## Required action
Using the material below, work out how many lines contain "from". Only the number is wanted.

## Provided entries
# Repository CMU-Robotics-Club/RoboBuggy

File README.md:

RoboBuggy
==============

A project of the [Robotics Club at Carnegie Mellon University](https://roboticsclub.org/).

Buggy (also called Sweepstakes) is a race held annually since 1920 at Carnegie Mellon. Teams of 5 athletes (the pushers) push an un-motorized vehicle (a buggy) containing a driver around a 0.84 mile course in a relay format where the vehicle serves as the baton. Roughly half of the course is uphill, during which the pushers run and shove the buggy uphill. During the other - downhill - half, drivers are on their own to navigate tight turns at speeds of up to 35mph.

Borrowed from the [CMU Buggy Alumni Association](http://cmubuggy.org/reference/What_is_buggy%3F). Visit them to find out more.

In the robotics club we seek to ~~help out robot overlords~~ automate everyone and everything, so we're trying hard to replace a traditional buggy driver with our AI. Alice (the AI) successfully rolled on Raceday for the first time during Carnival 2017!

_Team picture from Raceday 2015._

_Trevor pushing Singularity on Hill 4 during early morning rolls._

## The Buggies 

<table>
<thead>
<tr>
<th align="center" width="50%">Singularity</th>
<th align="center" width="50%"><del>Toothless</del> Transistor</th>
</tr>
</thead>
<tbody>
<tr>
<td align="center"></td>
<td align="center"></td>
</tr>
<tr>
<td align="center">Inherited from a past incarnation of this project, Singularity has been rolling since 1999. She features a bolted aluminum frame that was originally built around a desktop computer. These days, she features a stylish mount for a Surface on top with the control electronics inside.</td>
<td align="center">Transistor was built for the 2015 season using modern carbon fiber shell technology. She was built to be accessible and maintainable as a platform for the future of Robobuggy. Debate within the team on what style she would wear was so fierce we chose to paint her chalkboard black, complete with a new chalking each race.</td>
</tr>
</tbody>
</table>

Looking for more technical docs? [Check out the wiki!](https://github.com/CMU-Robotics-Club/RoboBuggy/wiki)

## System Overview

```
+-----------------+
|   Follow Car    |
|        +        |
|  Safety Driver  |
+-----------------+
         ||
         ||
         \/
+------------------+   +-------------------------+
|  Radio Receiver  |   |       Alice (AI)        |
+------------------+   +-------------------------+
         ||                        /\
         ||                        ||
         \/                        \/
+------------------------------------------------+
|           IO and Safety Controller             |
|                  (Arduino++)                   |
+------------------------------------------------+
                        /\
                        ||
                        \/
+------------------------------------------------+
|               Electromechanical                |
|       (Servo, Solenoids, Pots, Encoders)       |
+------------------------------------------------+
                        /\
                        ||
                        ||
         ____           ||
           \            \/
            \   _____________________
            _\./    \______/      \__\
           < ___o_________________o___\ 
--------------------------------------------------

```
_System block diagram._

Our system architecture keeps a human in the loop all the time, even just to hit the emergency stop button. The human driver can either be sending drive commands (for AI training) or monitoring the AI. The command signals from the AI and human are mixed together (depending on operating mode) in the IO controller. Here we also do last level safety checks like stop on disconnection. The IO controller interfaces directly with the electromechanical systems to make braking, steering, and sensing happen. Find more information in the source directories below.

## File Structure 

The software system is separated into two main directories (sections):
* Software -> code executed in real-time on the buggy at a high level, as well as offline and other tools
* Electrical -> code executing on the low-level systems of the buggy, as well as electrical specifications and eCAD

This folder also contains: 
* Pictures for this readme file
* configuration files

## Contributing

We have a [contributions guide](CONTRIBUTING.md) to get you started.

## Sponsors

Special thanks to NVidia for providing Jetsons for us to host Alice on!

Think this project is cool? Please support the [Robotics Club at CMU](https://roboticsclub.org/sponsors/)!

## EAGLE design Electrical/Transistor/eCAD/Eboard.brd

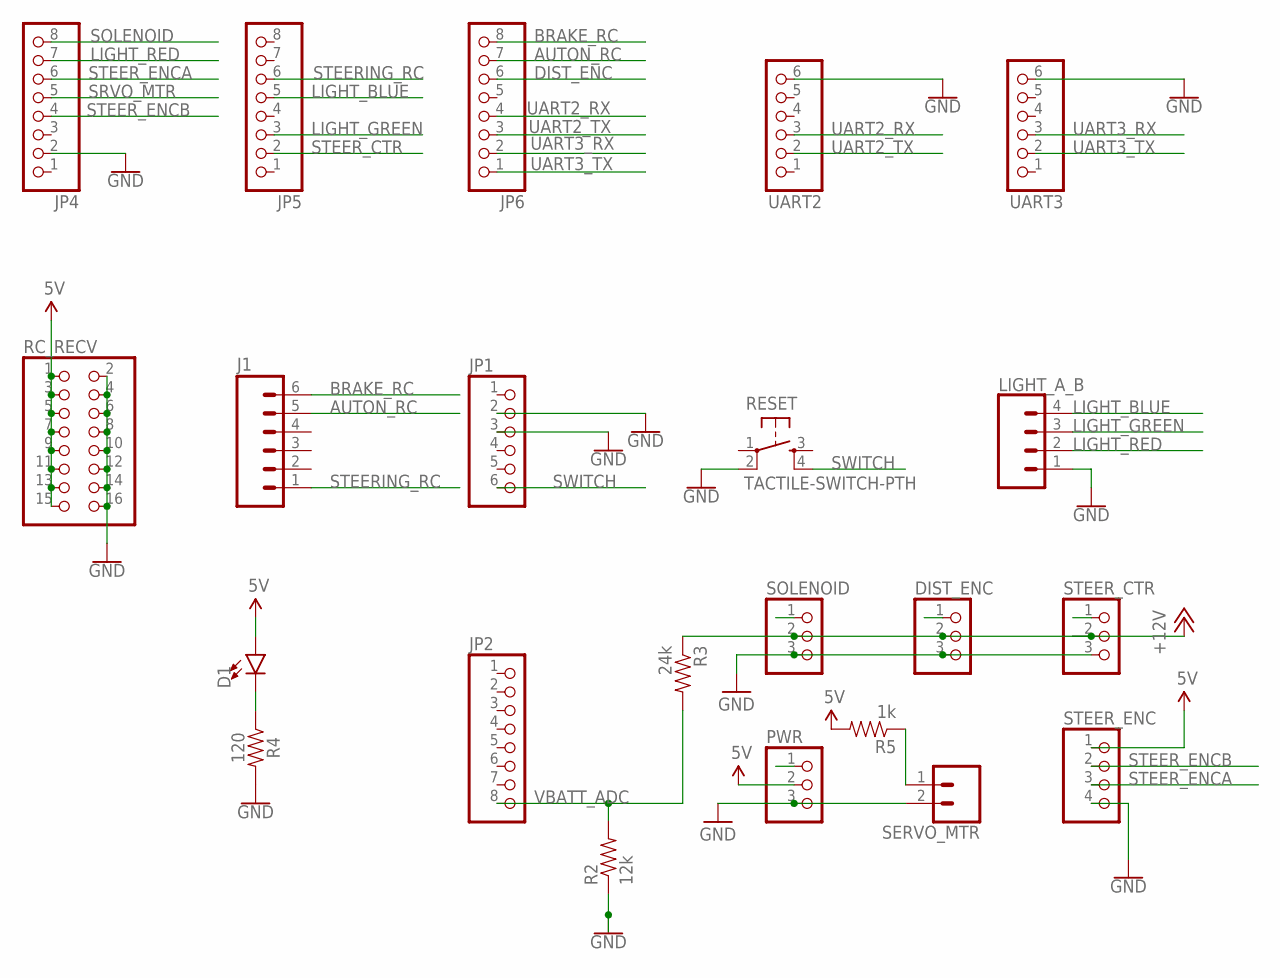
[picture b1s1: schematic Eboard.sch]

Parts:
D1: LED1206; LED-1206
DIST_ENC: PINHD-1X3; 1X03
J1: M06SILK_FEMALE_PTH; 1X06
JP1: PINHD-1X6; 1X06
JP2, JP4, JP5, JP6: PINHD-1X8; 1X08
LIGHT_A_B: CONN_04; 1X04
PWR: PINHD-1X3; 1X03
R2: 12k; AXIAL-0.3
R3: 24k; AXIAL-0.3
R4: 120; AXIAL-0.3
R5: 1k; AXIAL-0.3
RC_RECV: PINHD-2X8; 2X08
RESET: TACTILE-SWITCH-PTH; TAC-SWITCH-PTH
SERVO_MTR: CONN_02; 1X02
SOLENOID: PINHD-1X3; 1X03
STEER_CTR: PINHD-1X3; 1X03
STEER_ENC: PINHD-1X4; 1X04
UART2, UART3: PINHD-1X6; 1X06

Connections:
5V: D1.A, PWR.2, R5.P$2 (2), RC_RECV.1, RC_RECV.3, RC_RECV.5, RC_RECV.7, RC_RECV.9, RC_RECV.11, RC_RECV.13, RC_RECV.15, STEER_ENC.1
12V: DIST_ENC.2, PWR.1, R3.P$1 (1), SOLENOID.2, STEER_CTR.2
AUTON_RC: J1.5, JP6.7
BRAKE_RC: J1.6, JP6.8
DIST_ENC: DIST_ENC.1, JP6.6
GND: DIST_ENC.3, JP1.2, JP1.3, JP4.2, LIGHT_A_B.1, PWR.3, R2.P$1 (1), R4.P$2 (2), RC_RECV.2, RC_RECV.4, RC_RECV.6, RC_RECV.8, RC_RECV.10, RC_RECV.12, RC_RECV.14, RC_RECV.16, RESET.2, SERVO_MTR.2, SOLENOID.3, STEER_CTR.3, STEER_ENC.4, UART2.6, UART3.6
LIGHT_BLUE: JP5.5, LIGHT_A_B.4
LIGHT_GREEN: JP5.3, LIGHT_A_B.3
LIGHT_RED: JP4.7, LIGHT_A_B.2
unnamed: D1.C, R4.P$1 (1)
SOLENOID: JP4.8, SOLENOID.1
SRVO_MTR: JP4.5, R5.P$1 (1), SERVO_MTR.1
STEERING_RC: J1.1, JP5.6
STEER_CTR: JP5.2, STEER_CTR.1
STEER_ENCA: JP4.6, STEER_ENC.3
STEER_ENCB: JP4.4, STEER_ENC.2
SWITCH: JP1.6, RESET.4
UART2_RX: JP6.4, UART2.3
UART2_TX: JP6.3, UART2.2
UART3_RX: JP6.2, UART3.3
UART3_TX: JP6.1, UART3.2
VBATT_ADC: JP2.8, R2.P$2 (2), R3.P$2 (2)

## Answer space
4